» **WHAT YOU ARE ASKED TO DO**
Working from the start of the listing, please write out exactly the lines through the one that holds "#43=ORIENTED_EDGE('',*,*,#42,.F.);", both included, and omit all pictures.

» **TASK INPUTS**
Start of Block

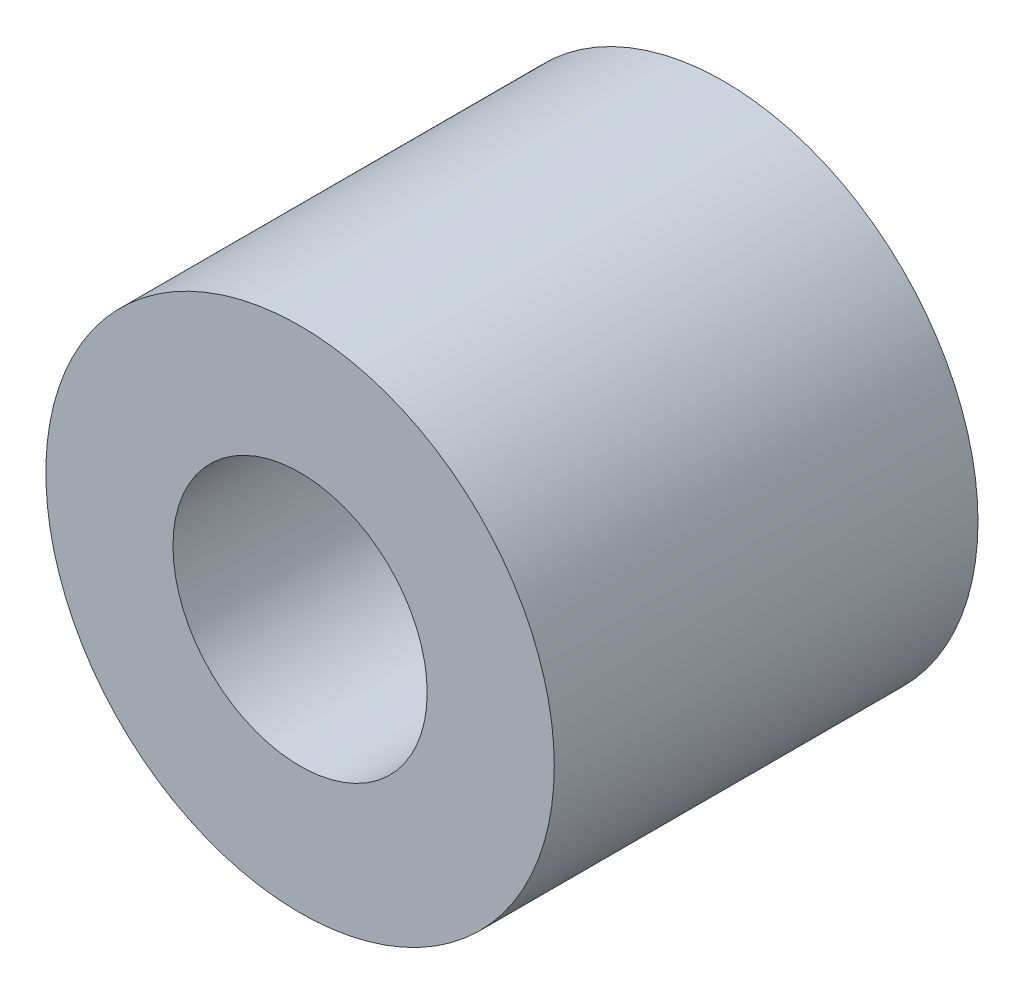
ISO-10303-21;
HEADER;
FILE_DESCRIPTION(('STEP AP214'),'2;1');
FILE_NAME('part.step','',(''),(''),'','','');
FILE_SCHEMA(('AUTOMOTIVE_DESIGN { 1 0 10303 214 1 1 1 1 }'));
ENDSEC;
DATA;
#1=APPLICATION_CONTEXT('core data for automotive mechanical design processes');
#2=APPLICATION_PROTOCOL_DEFINITION('international standard','automotive_design',2000,#1);
#3=PRODUCT_CONTEXT('',#1,'mechanical');
#4=PRODUCT('Part','Part','',(#3));
#5=PRODUCT_RELATED_PRODUCT_CATEGORY('part','',(#4));
#6=PRODUCT_DEFINITION_FORMATION('','',#4);
#7=PRODUCT_DEFINITION_CONTEXT('part definition',#1,'design');
#8=PRODUCT_DEFINITION('design','',#6,#7);
#9=PRODUCT_DEFINITION_SHAPE('','',#8);
#10=(LENGTH_UNIT() NAMED_UNIT(*) SI_UNIT(.MILLI.,.METRE.));
#11=(NAMED_UNIT(*) PLANE_ANGLE_UNIT() SI_UNIT($,.RADIAN.));
#12=(NAMED_UNIT(*) SI_UNIT($,.STERADIAN.) SOLID_ANGLE_UNIT());
#13=UNCERTAINTY_MEASURE_WITH_UNIT(LENGTH_MEASURE(1.E-05),#10,'distance_accuracy_value','');
#14=(GEOMETRIC_REPRESENTATION_CONTEXT(3) GLOBAL_UNCERTAINTY_ASSIGNED_CONTEXT((#13)) GLOBAL_UNIT_ASSIGNED_CONTEXT((#10,
#11,#12)) REPRESENTATION_CONTEXT('',''));
#15=CARTESIAN_POINT('',(0.,0.,0.));
#16=DIRECTION('',(0.,0.,1.));
#17=DIRECTION('',(1.,0.,0.));
#18=AXIS2_PLACEMENT_3D('',#15,#16,#17);
#19=CARTESIAN_POINT('',(0.,0.,5.));
#20=DIRECTION('',(0.,0.,1.));
#21=DIRECTION('',(1.,0.,0.));
#22=AXIS2_PLACEMENT_3D('',#19,#20,#21);
#23=PLANE('',#22);
#24=CARTESIAN_POINT('',(0.,0.,5.));
#25=DIRECTION('',(0.,0.,1.));
#26=DIRECTION('',(1.,0.,0.));
#27=AXIS2_PLACEMENT_3D('',#24,#25,#26);
#28=CIRCLE('',#27,6.);
#29=CARTESIAN_POINT('',(6.,0.,5.));
#30=VERTEX_POINT('',#29);
#31=EDGE_CURVE('E10',#30,#30,#28,.T.);
#32=ORIENTED_EDGE('',*,*,#31,.T.);
#33=EDGE_LOOP('',(#32));
#34=FACE_BOUND('',#33,.T.);
#35=CARTESIAN_POINT('',(0.,0.,5.));
#36=DIRECTION('',(0.,0.,1.));
#37=DIRECTION('',(1.,0.,0.));
#38=AXIS2_PLACEMENT_3D('',#35,#36,#37);
#39=CIRCLE('',#38,3.);
#40=CARTESIAN_POINT('',(3.,0.,5.));
#41=VERTEX_POINT('',#40);
#42=EDGE_CURVE('E44',#41,#41,#39,.T.);
#43=ORIENTED_EDGE('',*,*,#42,.F.);
#44=EDGE_LOOP('',(#43));
#45=FACE_BOUND('',#44,.T.);
#46=ADVANCED_FACE('F33',(#34,#45),#23,.T.);
#47=CARTESIAN_POINT('',(0.,0.,-5.));
#48=DIRECTION('',(0.,0.,1.));
#49=DIRECTION('',(1.,0.,0.));
#50=AXIS2_PLACEMENT_3D('',#47,#48,#49);
#51=PLANE('',#50);
#52=CARTESIAN_POINT('',(0.,0.,-5.));
#53=DIRECTION('',(0.,0.,1.));
#54=DIRECTION('',(1.,0.,0.));
#55=AXIS2_PLACEMENT_3D('',#52,#53,#54);
#56=CIRCLE('',#55,6.);
#57=CARTESIAN_POINT('',(6.,0.,-5.));
#58=VERTEX_POINT('',#57);
#59=EDGE_CURVE('E37',#58,#58,#56,.T.);
#60=ORIENTED_EDGE('',*,*,#59,.F.);
#61=EDGE_LOOP('',(#60));
#62=FACE_BOUND('',#61,.T.);
#63=CARTESIAN_POINT('',(0.,0.,-5.));
#64=DIRECTION('',(0.,0.,1.));
#65=DIRECTION('',(1.,0.,0.));
#66=AXIS2_PLACEMENT_3D('',#63,#64,#65);
#67=CIRCLE('',#66,3.);
#68=CARTESIAN_POINT('',(3.,0.,-5.));
#69=VERTEX_POINT('',#68);
#70=EDGE_CURVE('E46',#69,#69,#67,.T.);
#71=ORIENTED_EDGE('',*,*,#70,.T.);
#72=EDGE_LOOP('',(#71));
#73=FACE_BOUND('',#72,.T.);
#74=ADVANCED_FACE('F56',(#62,#73),#51,.F.);
#75=CARTESIAN_POINT('',(0.,0.,5.));
#76=DIRECTION('',(0.,0.,-1.));
#77=DIRECTION('',(-1.,0.,0.));
#78=AXIS2_PLACEMENT_3D('',#75,#76,#77);
#79=CYLINDRICAL_SURFACE('',#78,6.);
#80=ORIENTED_EDGE('',*,*,#31,.F.);
#81=EDGE_LOOP('',(#80));
#82=FACE_BOUND('',#81,.T.);
#83=ORIENTED_EDGE('',*,*,#59,.T.);
#84=EDGE_LOOP('',(#83));
#85=FACE_BOUND('',#84,.T.);
#86=ADVANCED_FACE('F35',(#82,#85),#79,.T.);
#87=CARTESIAN_POINT('',(0.,0.,5.));
#88=DIRECTION('',(0.,0.,-1.));
#89=DIRECTION('',(-1.,0.,0.));
#90=AXIS2_PLACEMENT_3D('',#87,#88,#89);
#91=CYLINDRICAL_SURFACE('',#90,3.);
#92=ORIENTED_EDGE('',*,*,#42,.T.);
#93=EDGE_LOOP('',(#92));
#94=FACE_BOUND('',#93,.T.);
#95=ORIENTED_EDGE('',*,*,#70,.F.);
#96=EDGE_LOOP('',(#95));
#97=FACE_BOUND('',#96,.T.);
#98=ADVANCED_FACE('F52',(#94,#97),#91,.F.);
#99=CLOSED_SHELL('',(#46,#74,#86,#98));
#100=MANIFOLD_SOLID_BREP('B2',#99);
#101=ADVANCED_BREP_SHAPE_REPRESENTATION('',(#18,#100),#14);
#102=SHAPE_DEFINITION_REPRESENTATION(#9,#101);
ENDSEC;
END-ISO-10303-21;

End of Block

» **ANSWER SPACE**
ISO-10303-21;
HEADER;
FILE_DESCRIPTION(('STEP AP214'),'2;1');
FILE_NAME('part.step','',(''),(''),'','','');
FILE_SCHEMA(('AUTOMOTIVE_DESIGN { 1 0 10303 214 1 1 1 1 }'));
ENDSEC;
DATA;
#1=APPLICATION_CONTEXT('core data for automotive mechanical design processes');
#2=APPLICATION_PROTOCOL_DEFINITION('international standard','automotive_design',2000,#1);
#3=PRODUCT_CONTEXT('',#1,'mechanical');
#4=PRODUCT('Part','Part','',(#3));
#5=PRODUCT_RELATED_PRODUCT_CATEGORY('part','',(#4));
#6=PRODUCT_DEFINITION_FORMATION('','',#4);
#7=PRODUCT_DEFINITION_CONTEXT('part definition',#1,'design');
#8=PRODUCT_DEFINITION('design','',#6,#7);
#9=PRODUCT_DEFINITION_SHAPE('','',#8);
#10=(LENGTH_UNIT() NAMED_UNIT(*) SI_UNIT(.MILLI.,.METRE.));
#11=(NAMED_UNIT(*) PLANE_ANGLE_UNIT() SI_UNIT($,.RADIAN.));
#12=(NAMED_UNIT(*) SI_UNIT($,.STERADIAN.) SOLID_ANGLE_UNIT());
#13=UNCERTAINTY_MEASURE_WITH_UNIT(LENGTH_MEASURE(1.E-05),#10,'distance_accuracy_value','');
#14=(GEOMETRIC_REPRESENTATION_CONTEXT(3) GLOBAL_UNCERTAINTY_ASSIGNED_CONTEXT((#13)) GLOBAL_UNIT_ASSIGNED_CONTEXT((#10,
#11,#12)) REPRESENTATION_CONTEXT('',''));
#15=CARTESIAN_POINT('',(0.,0.,0.));
#16=DIRECTION('',(0.,0.,1.));
#17=DIRECTION('',(1.,0.,0.));
#18=AXIS2_PLACEMENT_3D('',#15,#16,#17);
#19=CARTESIAN_POINT('',(0.,0.,5.));
#20=DIRECTION('',(0.,0.,1.));
#21=DIRECTION('',(1.,0.,0.));
#22=AXIS2_PLACEMENT_3D('',#19,#20,#21);
#23=PLANE('',#22);
#24=CARTESIAN_POINT('',(0.,0.,5.));
#25=DIRECTION('',(0.,0.,1.));
#26=DIRECTION('',(1.,0.,0.));
#27=AXIS2_PLACEMENT_3D('',#24,#25,#26);
#28=CIRCLE('',#27,6.);
#29=CARTESIAN_POINT('',(6.,0.,5.));
#30=VERTEX_POINT('',#29);
#31=EDGE_CURVE('E10',#30,#30,#28,.T.);
#32=ORIENTED_EDGE('',*,*,#31,.T.);
#33=EDGE_LOOP('',(#32));
#34=FACE_BOUND('',#33,.T.);
#35=CARTESIAN_POINT('',(0.,0.,5.));
#36=DIRECTION('',(0.,0.,1.));
#37=DIRECTION('',(1.,0.,0.));
#38=AXIS2_PLACEMENT_3D('',#35,#36,#37);
#39=CIRCLE('',#38,3.);
#40=CARTESIAN_POINT('',(3.,0.,5.));
#41=VERTEX_POINT('',#40);
#42=EDGE_CURVE('E44',#41,#41,#39,.T.);
#43=ORIENTED_EDGE('',*,*,#42,.F.);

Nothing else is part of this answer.